Last week I was playing with a PDP-8 replica (see
here,
here and
here) and noticed that it has just a 12 bit address space - 4k words - but with a scheme for up to 8 banks of memory (which it calls fields.) It seemed like a very simple scheme which might need minimal hardware, so I started thinking about how to do the same thing for a 6502 or 65C02. [The 65816 already has a solution for extended memory addressing!]
As it happens, I misunderstood what the PDP-8 offers: it has two bank registers, one is for indirect addressing and the other is for everything else. This is a little like the
6509, which has one for opcodes B1 and 91 and another register for everything else. That is, LDA and STA (zp),Y. We discussed that
here. It's also a little like Acorn's in-house extended-address machine, which we discussed
here - in that case, it modifies all 16 opcodes which use (zp) and (zp),Y addressing modes to add a third byte to the indirect address.
(Let me mention in passing
previous ideas of using a TTL register file to act as an MMU. The
tgl6502 does something similar, in physical emulation.
Acorn's Beeb and the
C64 and
Apple II all have some distinguished memory range which can map any one of several devices - much like plugging in a different chip or cartridge which always appears at the same place in memory. The Apple III has a much
more complex scheme, implemented with the help of a custom chip. Jeff's own
KimKlone has a few high-address registers which come into play using custom opcodes or opcode prefixes.)
In discussion with Jeff, he pointed out some useful distinctions. For example, between three kinds of schemes:
- where some opcodes are treated specially
- where different address ranges are treated specially
- where different types of memory access are treated specially
Jeff also pointed out that using a wide pointer into a window of size 8k or 16k - or anything other than 256 bytes or a full 64k - requires some shifting and masking to assemble the right physical address.
Anyway, back to my thinking about a 6502 with minimal mapping hardware. I was thinking of just two memory extension registers, and thinking that one would apply to code and the other to data, and just adding high bits and therefore banking the whole 64k memory at once. By code I mean both the opcode and the operands, but nothing else. I wanted to avoid counting cycles and modelling the different instruction lengths as much as possible.
(I should confess I've done no thinking about interrupts. If the hardware needs to use interrupts, there's a need to preserve and restore the bank(s) before and after, and a need to map in the vectors at the right time, or to replicate them in each bank. Replication of vectors and handlers might be enough... but that does puncture the larger address space, if each bank has some fixed mapping in it, which then makes it harder to point at data structures which span bank boundaries.)
The minimum address extension would be a single 8 bit latch, half of which provides 4 bits of address extension for code accesses and the other half providing the high nibble for data accesses. For a little increase in complexity we could have two latches and offer up to 8 bits of address extension for each case.

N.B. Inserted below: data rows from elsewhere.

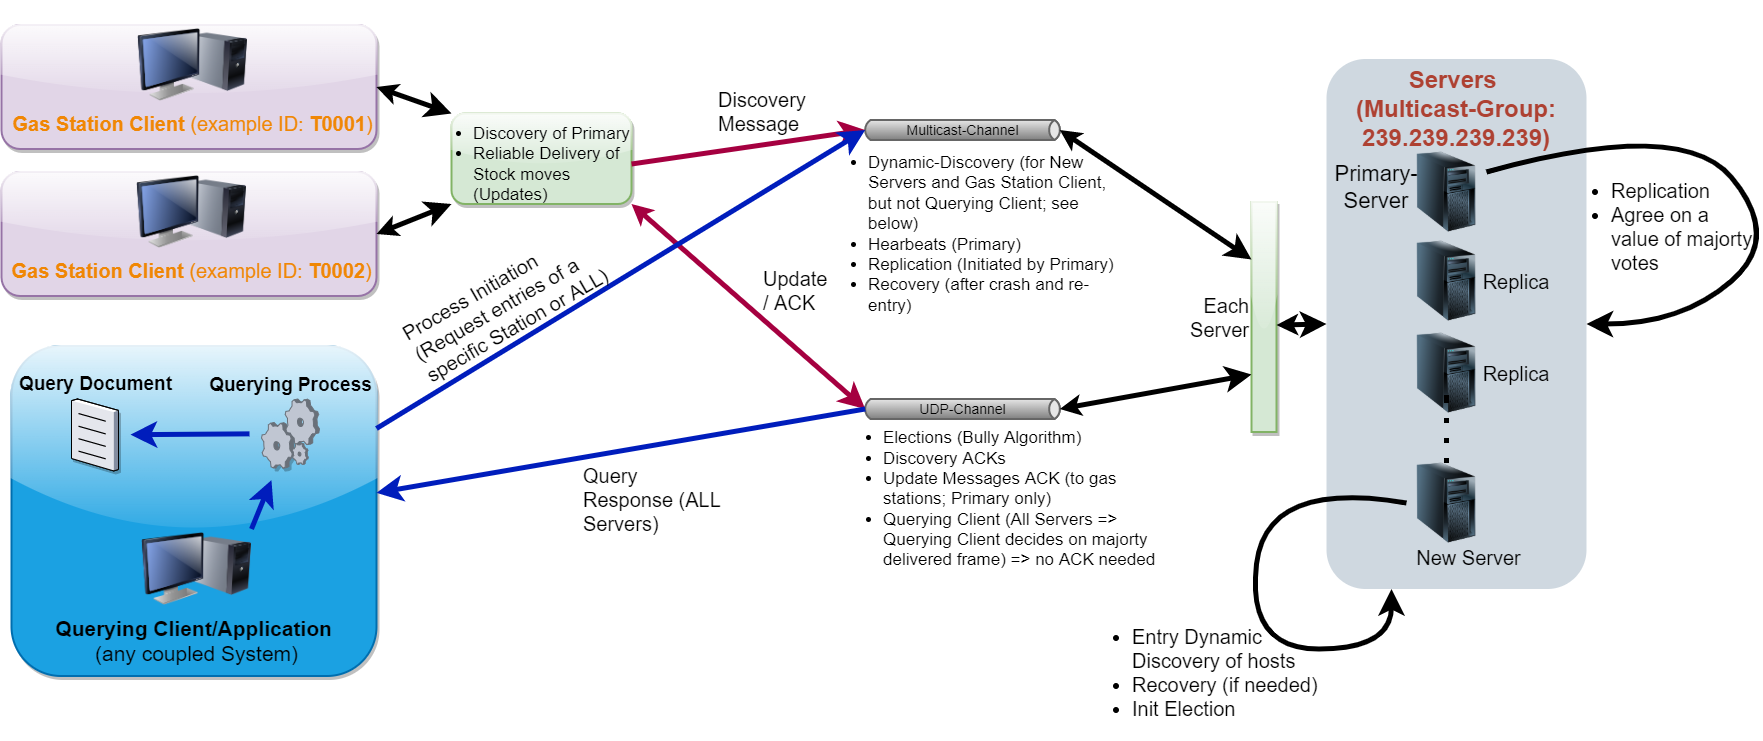

The diagram above was exported from draw.io. Its source (the exported page's mxGraphModel, read from the mxfile embedded in the PNG):
<mxGraphModel dx="2050" dy="753" grid="1" gridSize="10" guides="1" tooltips="1" connect="1" arrows="1" fold="1" page="1" pageScale="1" pageWidth="827" pageHeight="1169" background="none" math="0" shadow="0">
  <root>
    <mxCell id="0" />
    <mxCell id="1" parent="0" />
    <mxCell id="OabJOdlvWF2ydT5y5Tae-217" value="" style="rounded=1;whiteSpace=wrap;html=1;shadow=1;glass=1;sketch=0;fontSize=14;strokeWidth=2;fillColor=#d5e8d4;strokeColor=#82b366;" vertex="1" parent="1">
      <mxGeometry x="760" y="126" width="180" height="90.5" as="geometry" />
    </mxCell>
    <mxCell id="OabJOdlvWF2ydT5y5Tae-209" value="" style="rounded=1;whiteSpace=wrap;html=1;shadow=1;glass=1;sketch=0;fontSize=14;strokeWidth=2;fillColor=#e1d5e7;strokeColor=#9673a6;" vertex="1" parent="1">
      <mxGeometry x="310" y="37.5" width="375" height="124" as="geometry" />
    </mxCell>
    <mxCell id="8" value="&lt;b&gt;Servers &lt;br style=&quot;font-size: 24px&quot;&gt;(Multicast-Group: 239.239.239.239)&lt;/b&gt;" style="rounded=1;whiteSpace=wrap;html=1;shadow=0;strokeColor=none;fillColor=#BAC8D3;gradientColor=none;fontSize=24;fontColor=#AE4132;verticalAlign=top;fontStyle=0;opacity=70;strokeWidth=3;" parent="1" vertex="1">
      <mxGeometry x="1635" y="71.5" width="260" height="530" as="geometry" />
    </mxCell>
    <mxCell id="42" value="" style="image;html=1;image=img/lib/clip_art/computers/Server_Tower_128x128.png;shadow=0;strokeColor=#000000;fillColor=#FFFFFF;gradientColor=none;fontSize=18;fontColor=#F08705;fontStyle=0" parent="1" vertex="1">
      <mxGeometry x="1715" y="164.5" width="80" height="80" as="geometry" />
    </mxCell>
    <mxCell id="22" value="&lt;b style=&quot;font-size: 20px;&quot;&gt;Gas Station Client&lt;/b&gt; (example ID: &lt;b style=&quot;font-size: 20px;&quot;&gt;T0001&lt;/b&gt;)" style="image;html=1;image=img/lib/clip_art/computers/Monitor_Tower_128x128.png;shadow=0;strokeColor=#000000;fillColor=#FFFFFF;gradientColor=none;fontSize=20;fontColor=#F08705;fontStyle=0;labelBackgroundColor=none;" parent="1" vertex="1">
      <mxGeometry x="446" y="37.5" width="110" height="80" as="geometry" />
    </mxCell>
    <mxCell id="43" value="" style="image;html=1;image=img/lib/clip_art/computers/Server_Tower_128x128.png;shadow=0;strokeColor=#000000;fillColor=#FFFFFF;gradientColor=none;fontSize=18;fontColor=#F08705;fontStyle=0" parent="1" vertex="1">
      <mxGeometry x="1715" y="345.5" width="80" height="80" as="geometry" />
    </mxCell>
    <mxCell id="44" value="" style="image;html=1;image=img/lib/clip_art/computers/Server_Tower_128x128.png;shadow=0;strokeColor=#000000;fillColor=#FFFFFF;gradientColor=none;fontSize=18;fontColor=#F08705;fontStyle=0" parent="1" vertex="1">
      <mxGeometry x="1715" y="475.5" width="80" height="80" as="geometry" />
    </mxCell>
    <mxCell id="171" style="edgeStyle=orthogonalEdgeStyle;rounded=0;jumpStyle=none;html=1;exitX=0;exitY=0.5;entryX=0;entryY=0.5;shadow=0;labelBackgroundColor=none;startArrow=none;startFill=0;endArrow=classic;endFill=1;endSize=6;jettySize=auto;orthogonalLoop=1;strokeColor=#23445D;strokeWidth=2;fillColor=#F08705;fontFamily=Helvetica;fontSize=14;fontColor=#F08705;align=left;fontStyle=0" parent="1" edge="1">
      <mxGeometry relative="1" as="geometry">
        <mxPoint x="645" y="20" as="sourcePoint" />
        <mxPoint x="645" y="20" as="targetPoint" />
      </mxGeometry>
    </mxCell>
    <mxCell id="OabJOdlvWF2ydT5y5Tae-174" value="" style="endArrow=none;dashed=1;html=1;dashPattern=1 3;strokeWidth=5;rounded=0;entryX=0.5;entryY=1;entryDx=0;entryDy=0;exitX=0.5;exitY=0;exitDx=0;exitDy=0;targetPerimeterSpacing=12;sourcePerimeterSpacing=12;endSize=11;" edge="1" parent="1" source="44" target="43">
      <mxGeometry width="50" height="50" relative="1" as="geometry">
        <mxPoint x="2045" y="511.5" as="sourcePoint" />
        <mxPoint x="1755" y="370.5" as="targetPoint" />
        <Array as="points">
          <mxPoint x="1755" y="401.5" />
        </Array>
      </mxGeometry>
    </mxCell>
    <mxCell id="OabJOdlvWF2ydT5y5Tae-175" value="" style="image;html=1;image=img/lib/clip_art/computers/Server_Tower_128x128.png;shadow=0;strokeColor=#000000;fillColor=#FFFFFF;gradientColor=none;fontSize=18;fontColor=#F08705;fontStyle=0" vertex="1" parent="1">
      <mxGeometry x="1715" y="253.5" width="80" height="80" as="geometry" />
    </mxCell>
    <mxCell id="OabJOdlvWF2ydT5y5Tae-186" value="" style="curved=1;endArrow=classic;html=1;rounded=0;endSize=11;sourcePerimeterSpacing=12;targetPerimeterSpacing=12;strokeWidth=5;entryX=0.25;entryY=1;entryDx=0;entryDy=0;exitX=0;exitY=0.5;exitDx=0;exitDy=0;" edge="1" parent="1" source="44" target="8">
      <mxGeometry width="50" height="50" relative="1" as="geometry">
        <mxPoint x="2125" y="371.5" as="sourcePoint" />
        <mxPoint x="2175" y="321.5" as="targetPoint" />
        <Array as="points">
          <mxPoint x="1575" y="491.5" />
          <mxPoint x="1555" y="661.5" />
          <mxPoint x="1700" y="661.5" />
        </Array>
      </mxGeometry>
    </mxCell>
    <mxCell id="OabJOdlvWF2ydT5y5Tae-187" value="&lt;div style=&quot;text-align: left; font-size: 20px;&quot;&gt;&lt;ul style=&quot;font-size: 20px;&quot;&gt;&lt;li style=&quot;font-size: 20px;&quot;&gt;&lt;span style=&quot;font-size: 20px;&quot;&gt;Entry Dynamic Discovery of hosts&lt;/span&gt;&lt;/li&gt;&lt;li style=&quot;font-size: 20px;&quot;&gt;&lt;span style=&quot;font-size: 20px;&quot;&gt;Recovery (if needed)&lt;/span&gt;&lt;/li&gt;&lt;li style=&quot;font-size: 20px;&quot;&gt;&lt;span style=&quot;font-size: 20px;&quot;&gt;Init Election&lt;/span&gt;&lt;/li&gt;&lt;/ul&gt;&lt;/div&gt;" style="text;html=1;strokeColor=none;fillColor=none;align=center;verticalAlign=middle;whiteSpace=wrap;rounded=0;strokeWidth=2;fontSize=20;" vertex="1" parent="1">
      <mxGeometry x="1400" y="670" width="249" height="30" as="geometry" />
    </mxCell>
    <mxCell id="OabJOdlvWF2ydT5y5Tae-188" value="Primary-Server" style="text;html=1;strokeColor=none;fillColor=none;align=center;verticalAlign=middle;whiteSpace=wrap;rounded=0;strokeWidth=2;fontSize=22;" vertex="1" parent="1">
      <mxGeometry x="1655" y="184.5" width="60" height="30" as="geometry" />
    </mxCell>
    <mxCell id="OabJOdlvWF2ydT5y5Tae-191" value="Multicast-Channel" style="strokeWidth=2;strokeColor=#666666;dashed=0;align=center;html=1;fontSize=14;shape=mxgraph.eip.messageChannel;shadow=0;fillColor=#FFFFFF;gradientColor=none;fontColor=#000000;fontStyle=0" vertex="1" parent="1">
      <mxGeometry x="1171" y="132.5" width="200" height="20" as="geometry" />
    </mxCell>
    <mxCell id="OabJOdlvWF2ydT5y5Tae-192" value="UDP-Channel" style="strokeWidth=2;strokeColor=#666666;dashed=0;align=center;html=1;fontSize=14;shape=mxgraph.eip.messageChannel;shadow=0;fillColor=#FFFFFF;gradientColor=none;fontColor=#000000;fontStyle=0" vertex="1" parent="1">
      <mxGeometry x="1171" y="411.5" width="200" height="20" as="geometry" />
    </mxCell>
    <mxCell id="OabJOdlvWF2ydT5y5Tae-194" value="Each Server" style="rounded=0;whiteSpace=wrap;html=1;fontSize=20;strokeWidth=2;fillColor=#d5e8d4;strokeColor=#82b366;shadow=1;glass=1;sketch=0;labelPosition=left;verticalLabelPosition=middle;align=right;verticalAlign=middle;" vertex="1" parent="1">
      <mxGeometry x="1560" y="214.5" width="25" height="230" as="geometry" />
    </mxCell>
    <mxCell id="OabJOdlvWF2ydT5y5Tae-196" value="New Server" style="text;html=1;strokeColor=none;fillColor=none;align=center;verticalAlign=middle;whiteSpace=wrap;rounded=0;fontSize=20;fontColor=#000000;" vertex="1" parent="1">
      <mxGeometry x="1705" y="555.5" width="145" height="30" as="geometry" />
    </mxCell>
    <mxCell id="OabJOdlvWF2ydT5y5Tae-197" value="Replica" style="text;html=1;strokeColor=none;fillColor=none;align=center;verticalAlign=middle;whiteSpace=wrap;rounded=0;fontSize=20;fontColor=#000000;" vertex="1" parent="1">
      <mxGeometry x="1795" y="278.5" width="60" height="30" as="geometry" />
    </mxCell>
    <mxCell id="OabJOdlvWF2ydT5y5Tae-198" value="Replica" style="text;html=1;strokeColor=none;fillColor=none;align=center;verticalAlign=middle;whiteSpace=wrap;rounded=0;fontSize=20;fontColor=#000000;" vertex="1" parent="1">
      <mxGeometry x="1795" y="370.5" width="60" height="30" as="geometry" />
    </mxCell>
    <mxCell id="OabJOdlvWF2ydT5y5Tae-199" value="&lt;ul style=&quot;font-size: 17px;&quot;&gt;&lt;li style=&quot;font-size: 17px;&quot;&gt;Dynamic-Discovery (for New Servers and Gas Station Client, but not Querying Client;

But how to distinguish code cycles from other cycles without counting? It turns out it's enough to detect
columns 0 and 8, which is just 3 bits of decode, with one caveat: we need also to detect page one accesses. (For the 65C02 we need to also decode column A, which takes a couple more gates I think.)
So, we need to use SYNC (and RDY if that's in play) to latch at least a few bits of the opcode, and we need to decode the top byte of the address bus to detect page one. (As an enhancement, we could also detect page zero accesses, and treat those specially. And, thinking about the interrupt problem, perhaps page FF accesses too.)
Oh, and we also need always to map the second access, the one after the opcode, because that's always either a dummy or an operand byte. But unlike the Acorn and Apple III schemes, we don't need to count up to six to intercept the final cycles of indexed addressing modes.
So, we've got code accesses satisfied from one bank, and data accesses satisfied by another, or by the same one, depending on how we've set the latches. We've got a single page one for the stack always in a fixed bank, and optionally we've got a single page zero too, always in the same bank.
Question is, is this useful? It's a very simple and very coarse banking.
(As a sketch of how coarse banking might be useful, I think John Kortink's port of BBC Basic to the 816 allows for the Basic program's data to be in bank 1 and for everything else to be in bank 0. So that allows for programs to be up to 40k or so with data up to 64k. The bulk of the OS and all the I/O is in another 64k bank, in fact on another computer. So that's a sketch of three banks in play, all with mostly 16 bit pointers: OS and base machine, user program, user data.)